Carl Laemmle was truly one of the pioneers of the Hollywood movie industry.
He founded and managed Universal Studios, which would be the biggest film producer in the United States. And he launched the careers of, among others, the director John Ford and the actress Mary Pickford.
This German Jewish immigrant is profiled in James Freedman’s fascinating biopic, Carl Laemmle, which is now available for viewing on the ChaiFlicks streaming platform.
Born in 1867 in the small town of Laupheim, where 20 percent of the population was Jewish, he was the son of a cattle dealer. Laemmle immigrated to the United States in 1884, earning a living as a bookkeeper in Chicago and Oshkosh.

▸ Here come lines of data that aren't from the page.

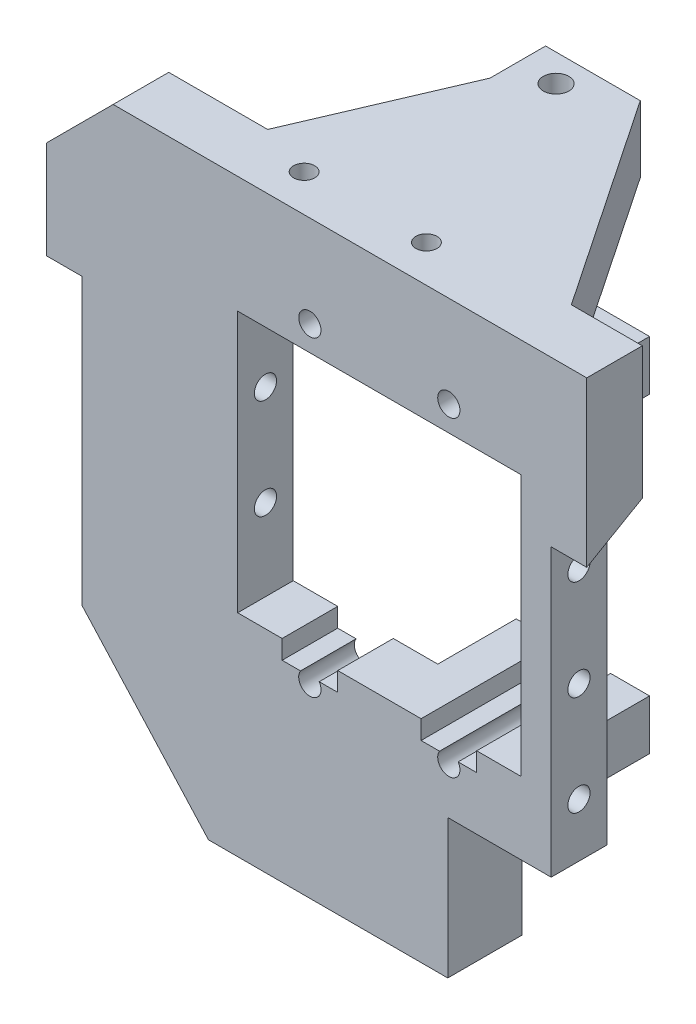
SolidWorks part; units mm, degrees
ref_plane "前视基准面" through (0, 0, 0) normal (0, 0, 1) x (1, 0, 0)
ref_plane "上视基准面" through (0, 0, 0) normal (0, 1, 0) x (1, 0, 0)
ref_plane "右视基准面" through (0, 0, 0) normal (1, 0, 0) x (0, 0, -1)
sketch "草图1" plane through (0, 0, 0) normal (0, 0, 1) x (1, 0, 0)
  line L0 (24.6404, 26.5965) -> (-17.9596, 26.5965)
  line L1 (-17.9596, 26.5965) -> (-23.9596, 20.5965)
  line L2 (-23.9596, 20.5965) -> (-23.9596, 11.8052)
  line L3 (-23.9596, 11.8052) -> (-20.7596, 11.8052)
  line L4 (-20.7596, 11.8052) -> (-20.7596, -13.8347)
  line L5 (-20.7596, -13.8347) -> (-9.3856, -26.4035)
  line L6 (-9.3856, -26.4035) -> (12.1404, -26.4035)
  line L7 (12.1404, -26.4035) -> (12.1404, -13.9035)
  line L8 (12.1404, -13.9035) -> (21.4404, -13.9035)
  line L9 (21.4404, -13.9035) -> (21.4404, 11.8351)
  line L10 (21.4404, 11.8351) -> (24.6404, 11.8351)
  line L11 (24.6404, 11.8351) -> (24.6404, 26.5965)
  line L12 (-6.7596, 16.0965) -> (18.7404, 16.0965)
  line L13 (18.7404, 16.0965) -> (18.7404, -7.4035)
  line L14 (18.7404, -7.4035) -> (14.7404, -7.4035)
  line L15 (14.7404, -7.4035) -> (14.7404, -9.1035)
  line L16 (14.7404, -9.1035) -> (9.7404, -9.1035) construction
  line L17 (9.7404, -9.1035) -> (9.7404, -7.4035)
  line L18 (9.7404, -7.4035) -> (2.2404, -7.4035)
  line L19 (2.2404, -7.4035) -> (2.2404, -9.1035)
  line L20 (2.2404, -9.1035) -> (-2.7596, -9.1035) construction
  line L21 (-2.7596, -9.1035) -> (-2.7596, -7.4035)
  line L22 (-2.7596, -7.4035) -> (-6.7596, -7.4035)
  line L23 (-6.7596, -7.4035) -> (-6.7596, 16.0965)
  line L24 (-0.2653, 18.3465) -> (12.2347, 18.3465) construction
  line L25 (-0.2653, -9.6535) -> (12.2347, -9.6535) construction
  line L26 (-0.2653, -9.6535) -> (-0.2596, -9.1035) construction
  line L27 (-2.7596, -9.1035) -> (-1.1053, -9.1035)
  line L28 (0.5747, -9.1035) -> (2.2404, -9.1035)
  line L29 (9.7404, -9.1035) -> (11.3995, -9.1035)
  line L30 (13.0699, -9.1035) -> (14.7404, -9.1035)
  circle A0 centre (12.2347, 18.3465) radius 1
  circle A1 centre (12.2347, -9.6535) radius 1 construction
  circle A2 centre (-0.2653, -9.6535) radius 1.004 construction
  circle A3 centre (-0.2653, 18.3465) radius 1
  circle A4 centre (12.2347, 18.3465) radius 1
  arc A5 (-1.1053, -9.1035) -> (0.5747, -9.1035) centre (-0.2653, -9.6535) ccw
  arc A6 (11.3995, -9.1035) -> (13.0699, -9.1035) centre (12.2347, -9.6535) ccw
  dimension "D1" = 28
  dimension "D2" = 0.55
  dimension "D3" = 5
  dimension "D4" = 7.5
  dimension "D5" = 4
  dimension "D6" = 1.7
  dimension "D7" = 23.5
  dimension "D8" = 2.7
  dimension "D9" = 14
  dimension "D10" = 10.5
  dimension "D11" = 19
  dimension "D12" = 3.2
  dimension "D13" = 9.3
  dimension "D14" = 12.5
extrude "凸台-拉伸1" add sketch "草图1" along normal blind 5 contours L10 L11 L0 L1 L2 L3 L4 L5 L6 L7 L8 L9 A6 L29 L17 L18 L19 L28 A5 L27 L21 L22 L23 L12 L13 L14 L15 L30 A3 A0
sketch "草图2" plane through (0, 0, 0) normal (0, 0, -1) x (-1, 0, 0)
  line L0 (-18.7404, -7.4035) -> (-14.7404, -7.4035) construction
  line L1 (-18.2404, -7.4035) -> (-6.2404, -7.4035) construction
  line L2 (-18.2404, -7.4035) -> (-18.2404, -11.9035)
  line L3 (-18.2404, -11.9035) -> (-6.2404, -11.9035)
  line L4 (-6.2404, -7.4035) -> (-6.2404, -11.9035)
  line L5 (-14.7404, -7.4035) -> (-14.7404, -9.1035) construction
  line L6 (-9.7404, -9.1035) -> (-9.7404, -7.4035) construction
  line L7 (-13.0699, -9.1035) -> (-14.7404, -9.1035)
  line L8 (-14.7404, -9.1035) -> (-14.7404, -7.4035)
  line L9 (-11.3995, -9.1035) -> (-9.7404, -9.1035)
  line L10 (-9.7404, -9.1035) -> (-9.7404, -7.4035)
  line L11 (-9.7404, -7.4035) -> (-6.2404, -7.4035)
  line L12 (-18.2404, -7.4035) -> (-14.7404, -7.4035)
  line L13 (6.7596, 16.0965) -> (-18.7404, 16.0965) construction
  line L14 (-18.2404, 16.0965) -> (-6.2404, 16.0965)
  line L15 (-18.2404, 16.0965) -> (-18.2404, 20.5965)
  line L16 (-18.2404, 20.5965) -> (-6.2404, 20.5965)
  line L17 (-6.2404, 16.0965) -> (-6.2404, 20.5965)
  arc A0 (-13.0699, -9.1035) -> (-11.3995, -9.1035) centre (-12.2347, -9.6535) ccw
  circle A1 centre (-12.2347, 18.3465) radius 1
  dimension "D1" = 3.5
  dimension "D2" = 3.5
  dimension "D3" = 4.5
extrude "凸台-拉伸2" add sketch "草图2" along normal blind 7.05
sketch "草图3" plane through (0, 0, 0) normal (0, 0, -1) x (-1, 0, 0)
  line L1 (9.3856, -26.4035) -> (-12.1404, -26.4035)
  line L2 (9.3856, -26.4035) -> (9.3856, -13.9035)
  line L3 (9.3856, -13.9035) -> (-12.1404, -13.9035)
  line L4 (-12.1404, -26.4035) -> (-12.1404, -13.9035)
extrude "凸台-拉伸3" add sketch "草图3" along normal blind 1.68
sketch "草图4" plane through (0, -26.4035, 0) normal (0, -1, 0) x (1, 0, 0)
  line L0 (6.8774, 1.66) -> (-4.1226, 1.66) construction
  line L1 (6.8774, 1.66) -> (12.1404, 1.66) construction
  line L2 (12.1404, 5) -> (12.1404, -1.68) construction
  line L3 (-4.1226, 1.66) -> (-9.3856, 1.66) construction
  line L4 (-9.3856, 5) -> (-9.3856, 0) construction
  line L5 (-4.1226, 1.66) -> (-4.1226, -1.68) construction
  line L6 (12.1404, -1.68) -> (-9.3856, -1.68) construction
  line L7 (-4.1226, 1.66) -> (-4.1226, 5) construction
  line L8 (-9.3856, 5) -> (12.1404, 5) construction
  circle A0 centre (6.8774, 1.66) radius 0.95
  circle A1 centre (-4.1226, 1.66) radius 0.95
  dimension "D1" = 11
extrude "切除-拉伸1" cut sketch "草图4" against normal blind 5
sketch "草图5" plane through (0, 20.5965, 0) normal (0, 1, 0) x (1, 0, 0)
  line L0 (18.256, 0) -> (5.456, 19)
  line L1 (-3.0619, 19) -> (5.456, 19)
  line L2 (-3.0619, 14) -> (-3.0619, 19)
  line L3 (-3.0619, 14) -> (-9.0619, 0)
  line L4 (-9.0619, 0) -> (18.256, 0)
  circle A0 centre (0.3443, 16.5351) radius 1.15
  point P2 (0, 0)
  dimension "D1" = 3.4062
extrude "凸台-拉伸4" add sketch "草图5" along normal blind 6 contours L1 L0 L4 L3 L2
sketch "草图6" plane through (0, 26.5965, 0) normal (0, 1, 0) x (1, 0, 0)
  circle A0 centre (-4.1226, -1.66) radius 0.95
  circle A1 centre (6.8774, -1.66) radius 0.95
extrude "切除-拉伸2" cut sketch "草图6" against normal blind 5
sketch "草图7" plane through (21.4404, 0, 0) normal (1, 0, 0) x (0, 0, -1)
  line L0 (-2.5, 8.9351) -> (0, 8.9204) construction
  line L1 (-2.5, 8.9351) -> (-5, 8.9497) construction
  line L2 (-2.5, 8.9351) -> (-2.5, -0.0664) construction
  line L3 (-2.5, -0.0664) -> (-2.5, -9.0664) construction
  line L4 (-5, 11.8351) -> (0, 11.8351)
  line L5 (-2.5, 8.9351) -> (-2.5, 11.8351) construction
  circle A0 centre (-2.5, 8.9351) radius 1
  circle A1 centre (-2.5, -0.0664) radius 1
  circle A2 centre (-2.5, -9.0664) radius 1
extrude "切除-拉伸3" cut sketch "草图7" against normal blind 100 contours A0 | A1
sketch "草图9" plane through (21.4404, 0, 0) normal (1, 0, 0) x (0, 0, -1)
  line L0 (-2.5, -0.0664) -> (-2.5, -9.0649) construction
  circle A0 centre (-2.5, -9.0649) radius 1
extrude "切除-拉伸4" cut sketch "草图9" against normal blind 3
sketch "草图10" plane through (-20.7596, 0, 0) normal (-1, 0, 0) x (0, 0, 1)
  line L0 (2.5, -0.0664) -> (2.5, -9.0649) construction
  circle A0 centre (2.5, -9.0649) radius 1
extrude "切除-拉伸5" cut sketch "草图10" against normal blind 3
sketch "草图11" plane through (24.6404, 0, 0) normal (1, 0, 0) x (0, 0, -1)
  line L0 (-5, 11.8351) -> (0, 14.7218)
  line L1 (0, 11.8351) -> (0, 26.5965) construction
  line L2 (0, 14.7218) -> (0, 11.8351)
  line L3 (0, 11.8351) -> (-5, 11.8351)
  line L4 (-5, 11.8351) -> (-5, 7.3129) construction
  dimension "D1" = 240
extrude "切除-拉伸6" cut sketch "草图11" against normal blind 3.2
sketch "草图12" plane through (-23.9596, 0, 0) normal (-1, 0, 0) x (0, 0, 1)
  line L0 (5, 11.8052) -> (0, 11.8052)
  line L1 (0, 11.8052) -> (0, 14.6919)
  line L2 (0, 20.5965) -> (0, 11.8052) construction
  line L3 (0, 14.6919) -> (5, 11.8052)
  line L4 (5, 11.8052) -> (5, 8.6778) construction
  dimension "D1" = 240
extrude "切除-拉伸7" cut sketch "草图12" against normal blind 3.2
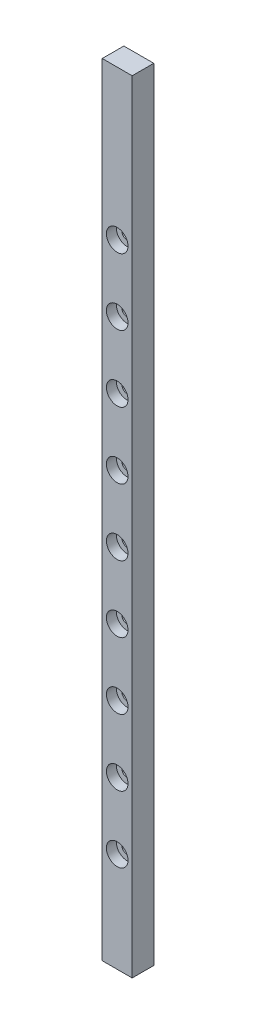
SolidWorks part; units mm, degrees
material "合金钢"
ref_plane "前视基准面" through (0, 0, 0) normal (0, 0, 1) x (1, 0, 0)
ref_plane "上视基准面" through (0, 0, 0) normal (0, 1, 0) x (1, 0, 0)
ref_plane "右视基准面" through (0, 0, 0) normal (1, 0, 0) x (0, 0, -1)
sketch "草图1" plane through (0, 0, 0) normal (0, 0, 1) x (1, 0, 0)
  line L1 (-4.5, 125) -> (4.5, 125)
  line L2 (-4.5, 125) -> (-4.5, -125)
  line L3 (-4.5, -125) -> (4.5, -125)
  line L4 (4.5, 125) -> (4.5, -125)
  line L5 (-4.5, 125) -> (4.5, -125) construction
  line L6 (-4.5, -125) -> (4.5, 125) construction
  point P0 (0, 0)
  dimension "D1" = 9
  dimension "D2" = 250
extrude "凸台-拉伸1" add sketch "草图1" along normal blind 6.5
ref_plane "基准面1" through (0, 0, 6.5) normal (0, 0, 1) x (1, 0, 0)
sketch "草图2" plane through (0, 0, 6.5) normal (0, 0, 1) x (1, 0, 0)
  circle A0 centre (0, 0) radius 1.6
  circle A1 centre (0, 20) radius 1.6
  circle A2 centre (0, 40) radius 1.6
  circle A3 centre (0, 60) radius 1.6
  circle A4 centre (0, 80) radius 1.6
  circle A5 centre (0, -20) radius 1.6
  circle A6 centre (0, -40) radius 1.6
  circle A7 centre (0, -60) radius 1.6
  circle A8 centre (0, -80) radius 1.6
  dimension "D1" = 3.2
  dimension "D2" = 5
  dimension "D3" = 5
extrude "切除-拉伸1" cut sketch "草图2" against normal through all
sketch "草图3" plane through (0, 0, 6.5) normal (0, 0, 1) x (1, 0, 0)
  circle A0 centre (0, 80) radius 3.25
  circle A1 centre (0, 60) radius 3.25
  circle A2 centre (0, 40) radius 3.25
  circle A3 centre (0, 20) radius 3.25
  circle A4 centre (0, 0) radius 3.25
  circle A5 centre (0, -20) radius 3.25
  circle A6 centre (0, -40) radius 3.25
  circle A7 centre (0, -60) radius 3.25
  circle A8 centre (0, -80) radius 3.25
  dimension "D1" = 6.5
  dimension "D2" = 9
extrude "切除-拉伸2" cut sketch "草图3" against normal blind 3
sketch "草图4" plane through (-4.5, 0, 0) normal (-1, 0, 0) x (0, 0, 1)
  line L0 (6.5, -4.95) -> (6.5, 4.95) construction
  line L1 (0, -125) -> (6.5, -125)
  line L2 (0, -125) -> (0, -110)
  line L3 (0, -110) -> (6.5, -110)
  line L4 (6.5, -125) -> (6.5, -110)
  dimension "D1" = 15
extrude "切除-拉伸3" cut sketch "草图4" against normal blind 10

He entered the new motion picture business after watching a movie at a nickelodeon. Laemmle opened a theater, renting movies from Thomas Edison’s monopolistic corporation. Laemmle segued from exhibition to distribution after forming his own company. Edison tried to bankrupt Laemmle by bombarding him with lawsuits, but he weathered the storm.
Laemmle was the first moviemaker during the silent era to give actors star billing, a practice that changed the industry. In 1911, he acquired the services of Pickford, who would be one of the greatest actresses of her generation.
A year later, he and several associates established Universal Studios in Fort Lee, New Jersey. In 1915, he moved Universal to a 230-acre plot of farmland he had purchased in the San Fernando Valley near Los Angeles. He dubbed it Universal City.
With anti-German feelings running high during World War I, he produced a series of anti-German propaganda films for the American government.
A producer of melodramas, Westerns and serials, Laemmle in 1920 hired a young man named Irving Thalberg to manage Universal. A boy wonder, he stabilized its finances. During this period, Universal made two of the most memorable films of the 1920s — The Hunchback of Notre Dame and The Phantom of the Opera, both starring Lon Chaney.
Laemmle, a visionary, was the first to offer tourists studio tours and the first to hire female directors. At one point, eleven women directed movies on his backlot.
He had a keen eye for talent. John Ford and Bill Wilder, two of his acquisitions, won a total of seven Academy Awards in the category of best director. They earned them for The Informer, The Grapes of Wrath, How Green Was My Valley, The Quiet Man, The Best Years of Our Lives, Mrs. Miniver and Ben-Hur.
One of Laemmle’s finest films, All Quiet On The Western Front, was the first Universal movie to earn an Oscar for best picture. An anti-war film, it was the fourth highest grossing motion picture of 1930. In Berlin, Nazi thugs tried to interrupt the German premiere. The film was banned altogether in Germany after the Nazis assumed power in 1933.
Shortly afterward, Laemmle sold all his assets in Germany.
Noted for his nepotism, Laemmle named his son, Carl Jr., as head of production. A fan of horror movies, he encouraged his father to make “monster” movies like Dracula and Frankenstein, starring the inimitable Bela Lugosi and Boris Karloff.
Due to a hostile takeover in 1934, Laemmle was forced to sell his shares in Universal. He never made another movie after this setback. His son was also cast adrift.
Laemmle watched developments in Germany with mounting concern. He lined up jobs at Universal for his German relatives, and he lobbied the U.S. government to ease its immigration restrictions. By one estimate, he saved more than 300 German-Jewish families.
He died on September 24, 1939, three weeks after the outbreak of World War II. He did not live to see the Holocaust, which decimated German Jewry and destroyed the Jewish community of Laupheim.